Data records:
****************
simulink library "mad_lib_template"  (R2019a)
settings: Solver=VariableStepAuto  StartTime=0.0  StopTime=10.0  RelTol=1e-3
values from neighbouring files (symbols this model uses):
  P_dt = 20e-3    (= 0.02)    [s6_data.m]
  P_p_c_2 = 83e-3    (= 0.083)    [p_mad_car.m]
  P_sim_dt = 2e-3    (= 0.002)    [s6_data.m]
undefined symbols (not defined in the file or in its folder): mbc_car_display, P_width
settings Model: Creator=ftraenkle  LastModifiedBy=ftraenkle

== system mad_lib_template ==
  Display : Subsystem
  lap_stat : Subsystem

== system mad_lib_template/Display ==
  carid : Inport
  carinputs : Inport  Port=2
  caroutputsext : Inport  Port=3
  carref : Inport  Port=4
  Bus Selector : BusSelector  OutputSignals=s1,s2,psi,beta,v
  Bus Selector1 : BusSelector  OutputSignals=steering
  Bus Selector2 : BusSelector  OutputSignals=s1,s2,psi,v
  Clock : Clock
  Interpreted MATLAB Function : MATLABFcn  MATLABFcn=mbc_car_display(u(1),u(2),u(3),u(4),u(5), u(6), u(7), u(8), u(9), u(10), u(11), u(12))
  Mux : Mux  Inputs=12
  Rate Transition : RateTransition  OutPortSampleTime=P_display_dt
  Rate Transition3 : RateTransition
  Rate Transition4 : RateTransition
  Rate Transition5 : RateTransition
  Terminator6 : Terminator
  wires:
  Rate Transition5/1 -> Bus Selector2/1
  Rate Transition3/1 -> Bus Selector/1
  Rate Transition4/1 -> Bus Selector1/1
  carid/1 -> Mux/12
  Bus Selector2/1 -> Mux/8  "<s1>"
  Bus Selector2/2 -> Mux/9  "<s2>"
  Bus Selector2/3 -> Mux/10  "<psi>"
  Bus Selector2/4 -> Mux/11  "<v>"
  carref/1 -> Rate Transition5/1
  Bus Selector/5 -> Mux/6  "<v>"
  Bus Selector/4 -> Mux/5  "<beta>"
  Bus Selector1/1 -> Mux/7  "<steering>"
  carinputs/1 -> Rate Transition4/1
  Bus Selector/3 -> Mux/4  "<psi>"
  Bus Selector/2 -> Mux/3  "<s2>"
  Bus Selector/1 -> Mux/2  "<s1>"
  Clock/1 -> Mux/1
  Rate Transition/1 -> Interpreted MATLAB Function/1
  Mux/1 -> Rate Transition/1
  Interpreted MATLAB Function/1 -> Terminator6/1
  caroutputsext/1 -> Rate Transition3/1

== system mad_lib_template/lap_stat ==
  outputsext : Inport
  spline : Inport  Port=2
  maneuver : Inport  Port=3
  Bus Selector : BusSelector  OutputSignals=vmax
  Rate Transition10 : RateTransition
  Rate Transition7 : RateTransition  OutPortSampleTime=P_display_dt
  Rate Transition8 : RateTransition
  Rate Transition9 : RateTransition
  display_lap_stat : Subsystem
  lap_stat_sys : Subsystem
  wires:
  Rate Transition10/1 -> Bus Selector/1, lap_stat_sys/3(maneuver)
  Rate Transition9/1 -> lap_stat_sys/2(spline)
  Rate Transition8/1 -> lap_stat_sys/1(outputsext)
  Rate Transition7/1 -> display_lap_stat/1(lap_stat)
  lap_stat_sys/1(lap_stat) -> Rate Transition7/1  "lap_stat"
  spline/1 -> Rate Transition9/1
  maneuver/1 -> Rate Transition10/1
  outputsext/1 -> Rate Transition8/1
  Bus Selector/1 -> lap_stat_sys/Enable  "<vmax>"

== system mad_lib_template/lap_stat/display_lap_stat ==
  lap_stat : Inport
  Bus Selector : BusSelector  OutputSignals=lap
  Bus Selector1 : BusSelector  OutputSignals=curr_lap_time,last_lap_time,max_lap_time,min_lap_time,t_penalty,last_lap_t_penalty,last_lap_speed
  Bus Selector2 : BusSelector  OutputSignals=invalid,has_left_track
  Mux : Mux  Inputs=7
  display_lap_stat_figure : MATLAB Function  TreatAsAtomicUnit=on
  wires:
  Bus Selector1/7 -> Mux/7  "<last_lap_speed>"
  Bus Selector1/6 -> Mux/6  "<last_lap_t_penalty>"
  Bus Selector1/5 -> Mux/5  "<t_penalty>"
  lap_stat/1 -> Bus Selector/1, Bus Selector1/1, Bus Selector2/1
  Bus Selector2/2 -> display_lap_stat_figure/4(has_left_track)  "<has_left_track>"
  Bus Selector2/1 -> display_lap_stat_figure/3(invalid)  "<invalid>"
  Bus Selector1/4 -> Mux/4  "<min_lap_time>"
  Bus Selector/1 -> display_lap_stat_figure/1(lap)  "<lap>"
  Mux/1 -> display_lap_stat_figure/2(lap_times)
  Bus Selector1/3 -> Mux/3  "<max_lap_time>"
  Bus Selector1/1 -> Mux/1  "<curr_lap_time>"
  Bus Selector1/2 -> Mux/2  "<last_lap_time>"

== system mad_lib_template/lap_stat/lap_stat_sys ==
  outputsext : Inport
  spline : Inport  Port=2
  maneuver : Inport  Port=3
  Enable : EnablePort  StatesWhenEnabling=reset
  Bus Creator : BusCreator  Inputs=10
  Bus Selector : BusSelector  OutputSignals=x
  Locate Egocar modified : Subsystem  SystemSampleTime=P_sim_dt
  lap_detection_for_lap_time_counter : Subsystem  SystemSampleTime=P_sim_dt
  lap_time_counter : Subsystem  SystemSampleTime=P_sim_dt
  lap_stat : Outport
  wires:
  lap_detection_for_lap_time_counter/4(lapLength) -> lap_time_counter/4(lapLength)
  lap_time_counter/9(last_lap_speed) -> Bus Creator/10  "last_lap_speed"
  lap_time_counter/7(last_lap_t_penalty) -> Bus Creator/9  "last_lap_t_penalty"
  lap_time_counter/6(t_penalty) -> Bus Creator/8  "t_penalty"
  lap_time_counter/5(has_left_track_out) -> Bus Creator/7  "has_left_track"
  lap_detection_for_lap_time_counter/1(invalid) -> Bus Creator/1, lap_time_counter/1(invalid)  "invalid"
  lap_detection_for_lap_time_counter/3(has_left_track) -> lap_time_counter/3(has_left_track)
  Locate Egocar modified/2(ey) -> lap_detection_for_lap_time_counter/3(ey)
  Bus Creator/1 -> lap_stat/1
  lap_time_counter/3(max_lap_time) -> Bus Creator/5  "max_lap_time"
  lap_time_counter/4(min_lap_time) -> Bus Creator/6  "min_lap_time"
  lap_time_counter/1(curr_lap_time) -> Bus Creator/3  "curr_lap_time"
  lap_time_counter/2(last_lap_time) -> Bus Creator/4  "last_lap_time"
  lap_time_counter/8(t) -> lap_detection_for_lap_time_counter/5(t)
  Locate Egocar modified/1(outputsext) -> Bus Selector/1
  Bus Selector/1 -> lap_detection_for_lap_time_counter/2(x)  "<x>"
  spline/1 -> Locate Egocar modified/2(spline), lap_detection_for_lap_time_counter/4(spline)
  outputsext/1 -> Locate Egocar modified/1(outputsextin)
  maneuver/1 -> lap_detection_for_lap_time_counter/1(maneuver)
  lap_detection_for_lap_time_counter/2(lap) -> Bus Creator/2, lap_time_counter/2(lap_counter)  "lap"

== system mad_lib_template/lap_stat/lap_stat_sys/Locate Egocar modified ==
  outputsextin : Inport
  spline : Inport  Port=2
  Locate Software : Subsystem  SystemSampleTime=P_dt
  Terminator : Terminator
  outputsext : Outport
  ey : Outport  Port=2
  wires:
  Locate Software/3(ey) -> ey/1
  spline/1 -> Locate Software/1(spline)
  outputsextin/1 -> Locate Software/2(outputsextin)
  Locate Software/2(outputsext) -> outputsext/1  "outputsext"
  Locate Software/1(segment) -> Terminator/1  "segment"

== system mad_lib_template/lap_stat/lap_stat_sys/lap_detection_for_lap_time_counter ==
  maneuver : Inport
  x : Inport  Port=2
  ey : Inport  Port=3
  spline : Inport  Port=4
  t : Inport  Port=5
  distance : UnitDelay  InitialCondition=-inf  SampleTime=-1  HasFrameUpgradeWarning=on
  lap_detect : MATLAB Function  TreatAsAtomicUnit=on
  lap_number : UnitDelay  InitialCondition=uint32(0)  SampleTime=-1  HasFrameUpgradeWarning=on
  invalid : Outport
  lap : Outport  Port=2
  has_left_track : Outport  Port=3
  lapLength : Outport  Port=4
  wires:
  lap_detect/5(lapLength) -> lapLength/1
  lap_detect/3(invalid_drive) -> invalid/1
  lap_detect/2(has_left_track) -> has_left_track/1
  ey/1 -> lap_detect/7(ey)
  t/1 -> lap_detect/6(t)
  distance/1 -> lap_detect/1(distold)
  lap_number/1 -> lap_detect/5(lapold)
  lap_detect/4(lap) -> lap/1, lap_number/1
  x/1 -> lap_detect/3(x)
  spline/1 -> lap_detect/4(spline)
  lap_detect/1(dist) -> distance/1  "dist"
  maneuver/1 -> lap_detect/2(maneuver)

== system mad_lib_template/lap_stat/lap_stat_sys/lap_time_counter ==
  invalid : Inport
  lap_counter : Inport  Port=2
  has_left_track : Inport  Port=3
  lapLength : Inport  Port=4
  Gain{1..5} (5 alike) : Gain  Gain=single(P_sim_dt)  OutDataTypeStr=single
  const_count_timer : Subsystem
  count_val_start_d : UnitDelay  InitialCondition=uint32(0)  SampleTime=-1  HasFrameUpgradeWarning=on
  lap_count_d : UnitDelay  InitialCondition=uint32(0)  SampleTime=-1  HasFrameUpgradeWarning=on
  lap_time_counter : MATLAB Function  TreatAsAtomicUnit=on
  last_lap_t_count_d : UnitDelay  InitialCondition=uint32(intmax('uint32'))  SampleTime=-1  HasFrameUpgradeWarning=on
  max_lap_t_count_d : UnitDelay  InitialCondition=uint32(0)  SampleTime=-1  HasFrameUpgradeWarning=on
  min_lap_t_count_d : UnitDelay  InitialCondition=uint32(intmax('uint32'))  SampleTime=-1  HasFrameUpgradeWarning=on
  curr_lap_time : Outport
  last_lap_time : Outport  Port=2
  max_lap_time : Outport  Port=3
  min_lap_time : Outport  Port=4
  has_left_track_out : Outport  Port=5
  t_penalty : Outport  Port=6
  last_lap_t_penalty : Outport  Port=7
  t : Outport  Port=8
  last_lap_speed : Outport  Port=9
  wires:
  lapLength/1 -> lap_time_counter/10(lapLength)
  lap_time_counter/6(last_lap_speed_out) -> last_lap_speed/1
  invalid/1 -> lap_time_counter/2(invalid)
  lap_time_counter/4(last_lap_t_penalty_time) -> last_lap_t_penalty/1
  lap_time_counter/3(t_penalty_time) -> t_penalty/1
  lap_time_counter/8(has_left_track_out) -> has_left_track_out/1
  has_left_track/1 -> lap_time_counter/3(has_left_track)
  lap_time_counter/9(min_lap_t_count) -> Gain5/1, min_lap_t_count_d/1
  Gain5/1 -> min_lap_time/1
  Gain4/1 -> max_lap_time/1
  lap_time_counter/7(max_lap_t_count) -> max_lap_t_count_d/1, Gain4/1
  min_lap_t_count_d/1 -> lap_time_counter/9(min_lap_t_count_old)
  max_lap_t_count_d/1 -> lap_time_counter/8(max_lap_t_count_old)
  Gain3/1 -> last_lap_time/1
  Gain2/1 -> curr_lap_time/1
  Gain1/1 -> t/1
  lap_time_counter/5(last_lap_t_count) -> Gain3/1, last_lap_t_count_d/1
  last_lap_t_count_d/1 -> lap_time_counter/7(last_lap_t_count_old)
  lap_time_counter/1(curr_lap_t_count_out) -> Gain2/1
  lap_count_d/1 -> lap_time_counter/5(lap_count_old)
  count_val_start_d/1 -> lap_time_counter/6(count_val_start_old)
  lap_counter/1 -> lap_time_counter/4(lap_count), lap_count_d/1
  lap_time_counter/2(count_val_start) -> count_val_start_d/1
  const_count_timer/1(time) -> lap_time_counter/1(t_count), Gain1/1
****************
**WORK TASK:** From the records above, extract exactly and only the lines that begin at the line with "Rate Transition : RateTransition" and stop after the line with "Clock/1 -> Mux/1".

**RESPONSE TO THE TASK:**
  Rate Transition : RateTransition  OutPortSampleTime=P_display_dt
  Rate Transition3 : RateTransition
  Rate Transition4 : RateTransition
  Rate Transition5 : RateTransition
  Terminator6 : Terminator
  wires:
  Rate Transition5/1 -> Bus Selector2/1
  Rate Transition3/1 -> Bus Selector/1
  Rate Transition4/1 -> Bus Selector1/1
  carid/1 -> Mux/12
  Bus Selector2/1 -> Mux/8  "<s1>"
  Bus Selector2/2 -> Mux/9  "<s2>"
  Bus Selector2/3 -> Mux/10  "<psi>"
  Bus Selector2/4 -> Mux/11  "<v>"
  carref/1 -> Rate Transition5/1
  Bus Selector/5 -> Mux/6  "<v>"
  Bus Selector/4 -> Mux/5  "<beta>"
  Bus Selector1/1 -> Mux/7  "<steering>"
  carinputs/1 -> Rate Transition4/1
  Bus Selector/3 -> Mux/4  "<psi>"
  Bus Selector/2 -> Mux/3  "<s2>"
  Bus Selector/1 -> Mux/2  "<s1>"
  Clock/1 -> Mux/1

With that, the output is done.